▶ **Assignment**: Repeat the lines below exactly as written, please, from the line with "#142=ADVANCED_FACE('F127',(#141),#125,.F.);" to the line with "#151=ORIENTED_EDGE('',*,*,#137,.T.);", both lines included, and no others.

(Data records)
········

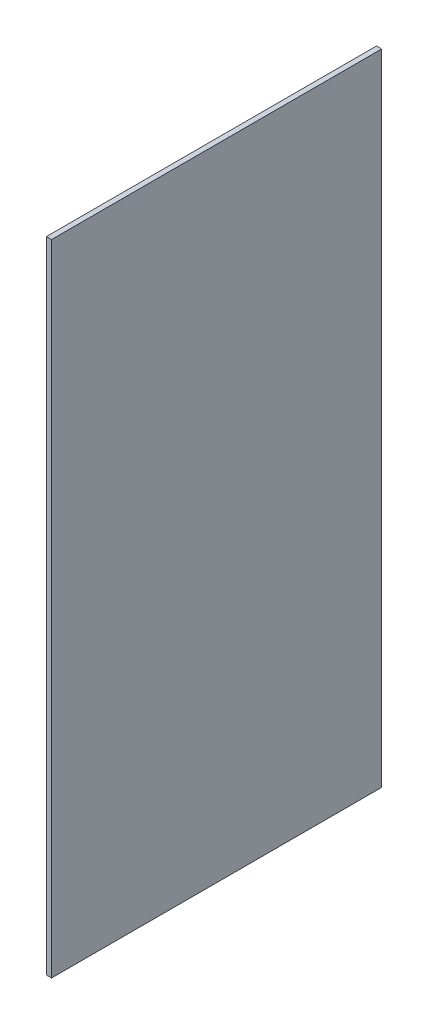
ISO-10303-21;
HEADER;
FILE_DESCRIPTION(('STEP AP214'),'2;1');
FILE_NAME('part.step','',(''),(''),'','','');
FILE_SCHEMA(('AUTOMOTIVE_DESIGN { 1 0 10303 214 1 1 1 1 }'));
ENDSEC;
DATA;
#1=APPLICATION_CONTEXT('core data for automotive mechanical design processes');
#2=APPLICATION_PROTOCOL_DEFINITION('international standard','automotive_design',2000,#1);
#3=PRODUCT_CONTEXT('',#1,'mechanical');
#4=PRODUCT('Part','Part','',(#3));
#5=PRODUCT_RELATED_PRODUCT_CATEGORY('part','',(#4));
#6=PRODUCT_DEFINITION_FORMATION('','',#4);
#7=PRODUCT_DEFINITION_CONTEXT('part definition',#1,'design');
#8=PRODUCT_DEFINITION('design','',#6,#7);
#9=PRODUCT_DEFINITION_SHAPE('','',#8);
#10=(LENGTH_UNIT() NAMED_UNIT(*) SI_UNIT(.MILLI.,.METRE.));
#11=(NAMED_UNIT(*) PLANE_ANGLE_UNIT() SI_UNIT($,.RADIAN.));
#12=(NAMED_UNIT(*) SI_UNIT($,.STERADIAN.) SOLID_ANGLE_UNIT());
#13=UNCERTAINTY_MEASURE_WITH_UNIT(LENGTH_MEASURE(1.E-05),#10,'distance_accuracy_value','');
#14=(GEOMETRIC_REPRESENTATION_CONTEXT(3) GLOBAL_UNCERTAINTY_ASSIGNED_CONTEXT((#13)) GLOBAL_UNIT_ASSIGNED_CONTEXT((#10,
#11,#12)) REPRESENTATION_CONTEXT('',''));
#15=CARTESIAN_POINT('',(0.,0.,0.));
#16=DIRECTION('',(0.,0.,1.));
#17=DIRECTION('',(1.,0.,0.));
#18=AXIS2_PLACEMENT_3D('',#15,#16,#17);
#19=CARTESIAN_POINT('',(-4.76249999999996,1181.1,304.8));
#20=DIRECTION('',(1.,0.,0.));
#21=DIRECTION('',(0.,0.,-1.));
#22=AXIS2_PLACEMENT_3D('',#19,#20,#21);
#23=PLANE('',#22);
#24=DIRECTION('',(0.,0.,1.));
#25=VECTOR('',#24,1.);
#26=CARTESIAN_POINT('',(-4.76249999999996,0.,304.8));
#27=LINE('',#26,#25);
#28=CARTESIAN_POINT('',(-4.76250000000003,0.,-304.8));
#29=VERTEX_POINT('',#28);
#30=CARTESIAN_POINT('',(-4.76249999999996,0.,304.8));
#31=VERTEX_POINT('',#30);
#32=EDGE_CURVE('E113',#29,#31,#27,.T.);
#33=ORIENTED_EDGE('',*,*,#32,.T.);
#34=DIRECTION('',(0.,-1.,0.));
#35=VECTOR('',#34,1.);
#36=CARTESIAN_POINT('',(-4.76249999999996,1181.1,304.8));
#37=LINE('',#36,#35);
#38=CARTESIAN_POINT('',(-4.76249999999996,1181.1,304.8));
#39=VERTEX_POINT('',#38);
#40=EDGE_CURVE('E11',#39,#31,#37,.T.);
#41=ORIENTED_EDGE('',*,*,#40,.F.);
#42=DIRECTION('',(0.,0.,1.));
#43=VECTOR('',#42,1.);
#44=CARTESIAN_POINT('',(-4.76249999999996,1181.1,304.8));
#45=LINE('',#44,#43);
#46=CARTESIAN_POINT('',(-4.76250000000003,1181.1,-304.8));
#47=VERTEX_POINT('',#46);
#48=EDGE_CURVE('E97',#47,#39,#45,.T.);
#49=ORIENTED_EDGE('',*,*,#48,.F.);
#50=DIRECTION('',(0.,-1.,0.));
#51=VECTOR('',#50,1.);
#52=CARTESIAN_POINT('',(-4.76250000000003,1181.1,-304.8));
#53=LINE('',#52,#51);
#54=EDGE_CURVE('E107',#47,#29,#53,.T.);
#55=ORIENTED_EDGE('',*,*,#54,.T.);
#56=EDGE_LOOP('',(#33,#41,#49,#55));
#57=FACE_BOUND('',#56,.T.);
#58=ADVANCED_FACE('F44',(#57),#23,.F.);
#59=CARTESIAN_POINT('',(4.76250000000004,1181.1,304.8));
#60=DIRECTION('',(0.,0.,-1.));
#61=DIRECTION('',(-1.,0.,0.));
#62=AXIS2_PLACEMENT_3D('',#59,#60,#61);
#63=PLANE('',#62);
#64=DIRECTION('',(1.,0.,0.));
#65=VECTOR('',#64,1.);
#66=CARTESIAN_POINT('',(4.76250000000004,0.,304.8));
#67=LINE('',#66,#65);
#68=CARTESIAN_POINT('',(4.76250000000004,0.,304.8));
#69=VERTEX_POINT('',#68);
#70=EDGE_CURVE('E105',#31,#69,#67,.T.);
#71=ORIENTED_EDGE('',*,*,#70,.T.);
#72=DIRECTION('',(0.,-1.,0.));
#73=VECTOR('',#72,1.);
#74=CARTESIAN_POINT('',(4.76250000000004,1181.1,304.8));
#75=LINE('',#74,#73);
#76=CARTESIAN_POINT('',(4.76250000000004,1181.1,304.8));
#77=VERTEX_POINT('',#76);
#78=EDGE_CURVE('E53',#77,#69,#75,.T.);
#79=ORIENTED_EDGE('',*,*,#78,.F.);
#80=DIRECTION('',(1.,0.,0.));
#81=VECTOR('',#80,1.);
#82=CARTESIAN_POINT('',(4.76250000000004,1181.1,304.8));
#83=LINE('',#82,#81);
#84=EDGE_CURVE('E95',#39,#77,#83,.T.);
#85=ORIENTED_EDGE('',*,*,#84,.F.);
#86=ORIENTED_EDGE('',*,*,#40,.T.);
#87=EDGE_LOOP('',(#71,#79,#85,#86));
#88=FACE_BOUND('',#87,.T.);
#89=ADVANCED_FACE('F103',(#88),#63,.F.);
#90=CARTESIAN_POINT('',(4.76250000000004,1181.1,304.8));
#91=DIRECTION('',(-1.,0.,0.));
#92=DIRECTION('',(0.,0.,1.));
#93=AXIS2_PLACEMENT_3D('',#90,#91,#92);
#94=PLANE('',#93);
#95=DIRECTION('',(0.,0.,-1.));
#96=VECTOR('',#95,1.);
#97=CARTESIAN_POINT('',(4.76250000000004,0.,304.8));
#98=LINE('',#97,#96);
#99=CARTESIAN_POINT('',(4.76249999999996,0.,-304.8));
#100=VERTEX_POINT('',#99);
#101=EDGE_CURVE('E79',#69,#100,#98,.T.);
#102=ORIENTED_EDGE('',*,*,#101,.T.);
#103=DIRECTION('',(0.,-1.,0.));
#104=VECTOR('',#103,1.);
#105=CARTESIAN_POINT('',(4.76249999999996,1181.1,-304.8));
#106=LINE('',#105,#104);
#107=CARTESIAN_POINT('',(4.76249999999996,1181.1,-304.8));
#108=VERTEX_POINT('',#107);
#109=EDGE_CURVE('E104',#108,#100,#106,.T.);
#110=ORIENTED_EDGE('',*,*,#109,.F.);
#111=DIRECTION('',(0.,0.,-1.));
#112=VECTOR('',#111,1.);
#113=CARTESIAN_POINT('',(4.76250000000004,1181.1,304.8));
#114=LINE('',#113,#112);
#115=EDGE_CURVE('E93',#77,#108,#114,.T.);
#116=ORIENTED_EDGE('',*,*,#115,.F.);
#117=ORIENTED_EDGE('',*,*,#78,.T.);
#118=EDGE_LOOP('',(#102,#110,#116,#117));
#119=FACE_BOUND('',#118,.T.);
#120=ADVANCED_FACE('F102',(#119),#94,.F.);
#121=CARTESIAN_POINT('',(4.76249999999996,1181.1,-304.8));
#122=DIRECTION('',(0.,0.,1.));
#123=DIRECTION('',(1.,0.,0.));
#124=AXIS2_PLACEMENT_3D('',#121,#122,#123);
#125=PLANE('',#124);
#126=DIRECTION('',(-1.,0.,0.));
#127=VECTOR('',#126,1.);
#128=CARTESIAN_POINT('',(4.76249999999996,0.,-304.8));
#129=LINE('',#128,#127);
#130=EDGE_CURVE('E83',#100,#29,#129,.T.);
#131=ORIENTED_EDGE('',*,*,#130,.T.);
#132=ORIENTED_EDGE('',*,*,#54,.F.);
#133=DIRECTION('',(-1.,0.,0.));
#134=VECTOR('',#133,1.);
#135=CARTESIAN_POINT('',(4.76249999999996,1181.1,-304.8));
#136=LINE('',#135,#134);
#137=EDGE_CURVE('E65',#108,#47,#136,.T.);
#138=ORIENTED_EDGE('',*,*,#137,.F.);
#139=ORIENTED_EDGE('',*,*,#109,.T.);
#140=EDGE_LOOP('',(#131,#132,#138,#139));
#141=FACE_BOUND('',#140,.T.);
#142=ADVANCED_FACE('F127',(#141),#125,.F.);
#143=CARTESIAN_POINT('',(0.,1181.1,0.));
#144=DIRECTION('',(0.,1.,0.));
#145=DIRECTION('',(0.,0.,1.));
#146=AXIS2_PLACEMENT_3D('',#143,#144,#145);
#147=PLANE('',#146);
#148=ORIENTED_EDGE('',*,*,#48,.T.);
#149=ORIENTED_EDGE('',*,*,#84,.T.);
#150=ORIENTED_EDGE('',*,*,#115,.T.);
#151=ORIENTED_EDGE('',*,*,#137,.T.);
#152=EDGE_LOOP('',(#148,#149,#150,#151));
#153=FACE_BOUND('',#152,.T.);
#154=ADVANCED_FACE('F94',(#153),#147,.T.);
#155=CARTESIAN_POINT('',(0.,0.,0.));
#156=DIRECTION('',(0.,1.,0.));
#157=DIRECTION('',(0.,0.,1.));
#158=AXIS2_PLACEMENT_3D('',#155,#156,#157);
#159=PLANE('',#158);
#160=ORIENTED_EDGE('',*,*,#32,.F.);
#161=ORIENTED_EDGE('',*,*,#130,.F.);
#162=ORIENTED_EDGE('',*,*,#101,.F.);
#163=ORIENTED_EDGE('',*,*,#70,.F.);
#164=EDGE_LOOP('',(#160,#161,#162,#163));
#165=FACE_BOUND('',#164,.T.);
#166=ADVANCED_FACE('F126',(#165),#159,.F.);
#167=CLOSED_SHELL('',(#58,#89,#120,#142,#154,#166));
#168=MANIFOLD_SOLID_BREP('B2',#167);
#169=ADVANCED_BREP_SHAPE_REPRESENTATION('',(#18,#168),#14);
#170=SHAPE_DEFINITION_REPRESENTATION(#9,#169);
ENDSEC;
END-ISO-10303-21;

········

▶ **Your solution**:
#142=ADVANCED_FACE('F127',(#141),#125,.F.);
#143=CARTESIAN_POINT('',(0.,1181.1,0.));
#144=DIRECTION('',(0.,1.,0.));
#145=DIRECTION('',(0.,0.,1.));
#146=AXIS2_PLACEMENT_3D('',#143,#144,#145);
#147=PLANE('',#146);
#148=ORIENTED_EDGE('',*,*,#48,.T.);
#149=ORIENTED_EDGE('',*,*,#84,.T.);
#150=ORIENTED_EDGE('',*,*,#115,.T.);
#151=ORIENTED_EDGE('',*,*,#137,.T.);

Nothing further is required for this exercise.